▸ **Activity**: From the records below, transcribe only the lines running from the one with "Vector Concatenate2 : Concatenate" through the one with "Brake Hydraulics/1(BrkPrs) -> BrkPrs/1". Keep both of those end lines.

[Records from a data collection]
· · ·

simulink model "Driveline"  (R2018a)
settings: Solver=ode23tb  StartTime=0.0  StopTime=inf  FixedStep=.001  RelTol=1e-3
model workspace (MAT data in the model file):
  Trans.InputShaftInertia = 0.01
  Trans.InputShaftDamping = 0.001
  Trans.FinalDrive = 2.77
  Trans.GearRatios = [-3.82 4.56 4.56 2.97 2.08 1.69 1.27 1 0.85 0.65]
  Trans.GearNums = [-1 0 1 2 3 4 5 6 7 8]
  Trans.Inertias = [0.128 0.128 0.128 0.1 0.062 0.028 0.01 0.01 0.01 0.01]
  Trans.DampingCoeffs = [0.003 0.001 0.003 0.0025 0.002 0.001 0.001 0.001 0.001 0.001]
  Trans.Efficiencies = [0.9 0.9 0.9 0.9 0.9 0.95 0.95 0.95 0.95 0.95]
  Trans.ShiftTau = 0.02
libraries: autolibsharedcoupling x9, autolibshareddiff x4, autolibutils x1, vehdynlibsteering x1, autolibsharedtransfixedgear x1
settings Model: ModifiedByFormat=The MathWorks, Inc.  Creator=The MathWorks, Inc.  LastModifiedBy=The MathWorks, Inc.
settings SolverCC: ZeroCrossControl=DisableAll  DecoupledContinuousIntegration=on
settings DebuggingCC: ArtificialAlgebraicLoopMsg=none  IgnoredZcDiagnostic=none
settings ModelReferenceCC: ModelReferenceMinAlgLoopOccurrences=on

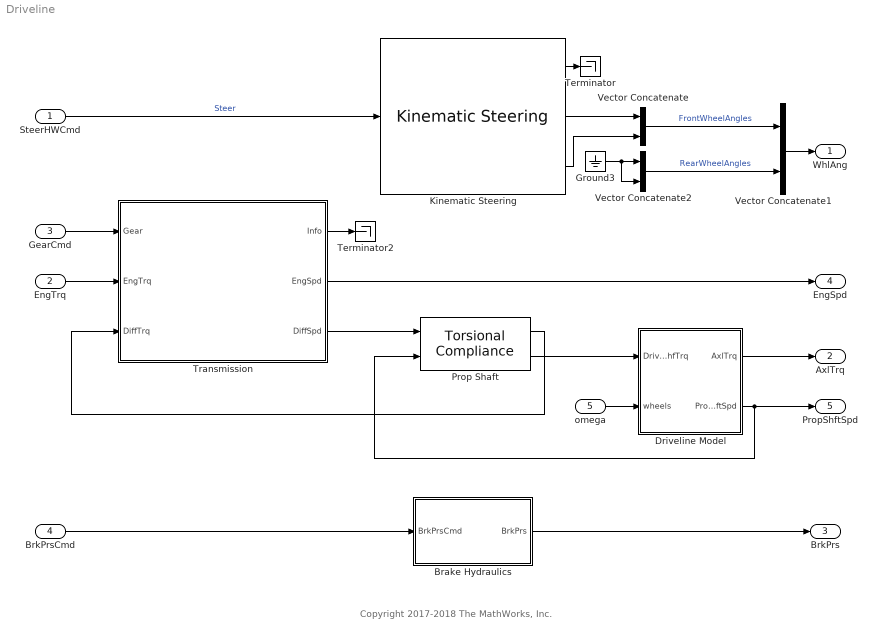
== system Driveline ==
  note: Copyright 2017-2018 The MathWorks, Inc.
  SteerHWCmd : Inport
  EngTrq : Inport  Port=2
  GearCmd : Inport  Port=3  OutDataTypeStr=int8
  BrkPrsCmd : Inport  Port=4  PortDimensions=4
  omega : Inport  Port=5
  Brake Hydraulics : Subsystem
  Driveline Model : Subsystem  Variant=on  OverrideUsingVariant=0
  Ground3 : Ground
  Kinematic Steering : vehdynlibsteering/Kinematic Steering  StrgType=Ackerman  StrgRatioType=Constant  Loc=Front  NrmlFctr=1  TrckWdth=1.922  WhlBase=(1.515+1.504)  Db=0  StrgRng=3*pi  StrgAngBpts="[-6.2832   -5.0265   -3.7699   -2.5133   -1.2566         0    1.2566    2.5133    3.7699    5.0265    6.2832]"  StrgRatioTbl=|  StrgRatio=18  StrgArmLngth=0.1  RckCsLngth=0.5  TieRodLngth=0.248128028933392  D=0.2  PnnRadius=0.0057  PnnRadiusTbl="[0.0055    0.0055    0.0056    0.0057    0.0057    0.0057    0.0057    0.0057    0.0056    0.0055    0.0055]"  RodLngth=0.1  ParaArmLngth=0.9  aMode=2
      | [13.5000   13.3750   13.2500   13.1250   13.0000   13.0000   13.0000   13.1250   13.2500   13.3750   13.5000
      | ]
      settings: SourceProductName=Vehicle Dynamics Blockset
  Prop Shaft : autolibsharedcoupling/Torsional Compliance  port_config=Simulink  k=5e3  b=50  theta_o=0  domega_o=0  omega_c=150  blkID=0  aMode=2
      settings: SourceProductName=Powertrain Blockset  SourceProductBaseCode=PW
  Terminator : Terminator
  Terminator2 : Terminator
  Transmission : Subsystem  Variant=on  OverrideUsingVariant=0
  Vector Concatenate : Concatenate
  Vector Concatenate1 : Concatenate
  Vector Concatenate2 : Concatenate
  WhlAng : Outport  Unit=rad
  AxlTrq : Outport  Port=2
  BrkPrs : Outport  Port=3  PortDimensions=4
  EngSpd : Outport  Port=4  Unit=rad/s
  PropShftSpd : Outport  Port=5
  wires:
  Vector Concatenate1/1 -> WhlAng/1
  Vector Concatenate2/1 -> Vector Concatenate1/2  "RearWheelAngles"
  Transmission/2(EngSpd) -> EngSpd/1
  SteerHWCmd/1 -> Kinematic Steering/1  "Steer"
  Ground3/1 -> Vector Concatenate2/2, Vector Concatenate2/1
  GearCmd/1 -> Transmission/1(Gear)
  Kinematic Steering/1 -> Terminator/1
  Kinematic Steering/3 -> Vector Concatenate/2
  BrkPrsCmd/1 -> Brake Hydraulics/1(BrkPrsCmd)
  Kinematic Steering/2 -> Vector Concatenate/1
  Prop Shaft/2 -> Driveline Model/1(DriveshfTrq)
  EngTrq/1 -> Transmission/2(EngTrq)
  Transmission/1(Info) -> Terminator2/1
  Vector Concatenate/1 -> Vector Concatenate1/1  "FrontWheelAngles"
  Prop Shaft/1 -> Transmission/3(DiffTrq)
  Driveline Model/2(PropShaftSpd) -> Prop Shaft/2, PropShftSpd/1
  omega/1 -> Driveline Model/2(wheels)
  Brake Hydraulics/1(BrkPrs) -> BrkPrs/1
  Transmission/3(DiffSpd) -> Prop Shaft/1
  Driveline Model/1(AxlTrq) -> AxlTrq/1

· · ·

▸ **Task answer**:
  Vector Concatenate2 : Concatenate
  WhlAng : Outport  Unit=rad
  AxlTrq : Outport  Port=2
  BrkPrs : Outport  Port=3  PortDimensions=4
  EngSpd : Outport  Port=4  Unit=rad/s
  PropShftSpd : Outport  Port=5
  wires:
  Vector Concatenate1/1 -> WhlAng/1
  Vector Concatenate2/1 -> Vector Concatenate1/2  "RearWheelAngles"
  Transmission/2(EngSpd) -> EngSpd/1
  SteerHWCmd/1 -> Kinematic Steering/1  "Steer"
  Ground3/1 -> Vector Concatenate2/2, Vector Concatenate2/1
  GearCmd/1 -> Transmission/1(Gear)
  Kinematic Steering/1 -> Terminator/1
  Kinematic Steering/3 -> Vector Concatenate/2
  BrkPrsCmd/1 -> Brake Hydraulics/1(BrkPrsCmd)
  Kinematic Steering/2 -> Vector Concatenate/1
  Prop Shaft/2 -> Driveline Model/1(DriveshfTrq)
  EngTrq/1 -> Transmission/2(EngTrq)
  Transmission/1(Info) -> Terminator2/1
  Vector Concatenate/1 -> Vector Concatenate1/1  "FrontWheelAngles"
  Prop Shaft/1 -> Transmission/3(DiffTrq)
  Driveline Model/2(PropShaftSpd) -> Prop Shaft/2, PropShftSpd/1
  omega/1 -> Driveline Model/2(wheels)
  Brake Hydraulics/1(BrkPrs) -> BrkPrs/1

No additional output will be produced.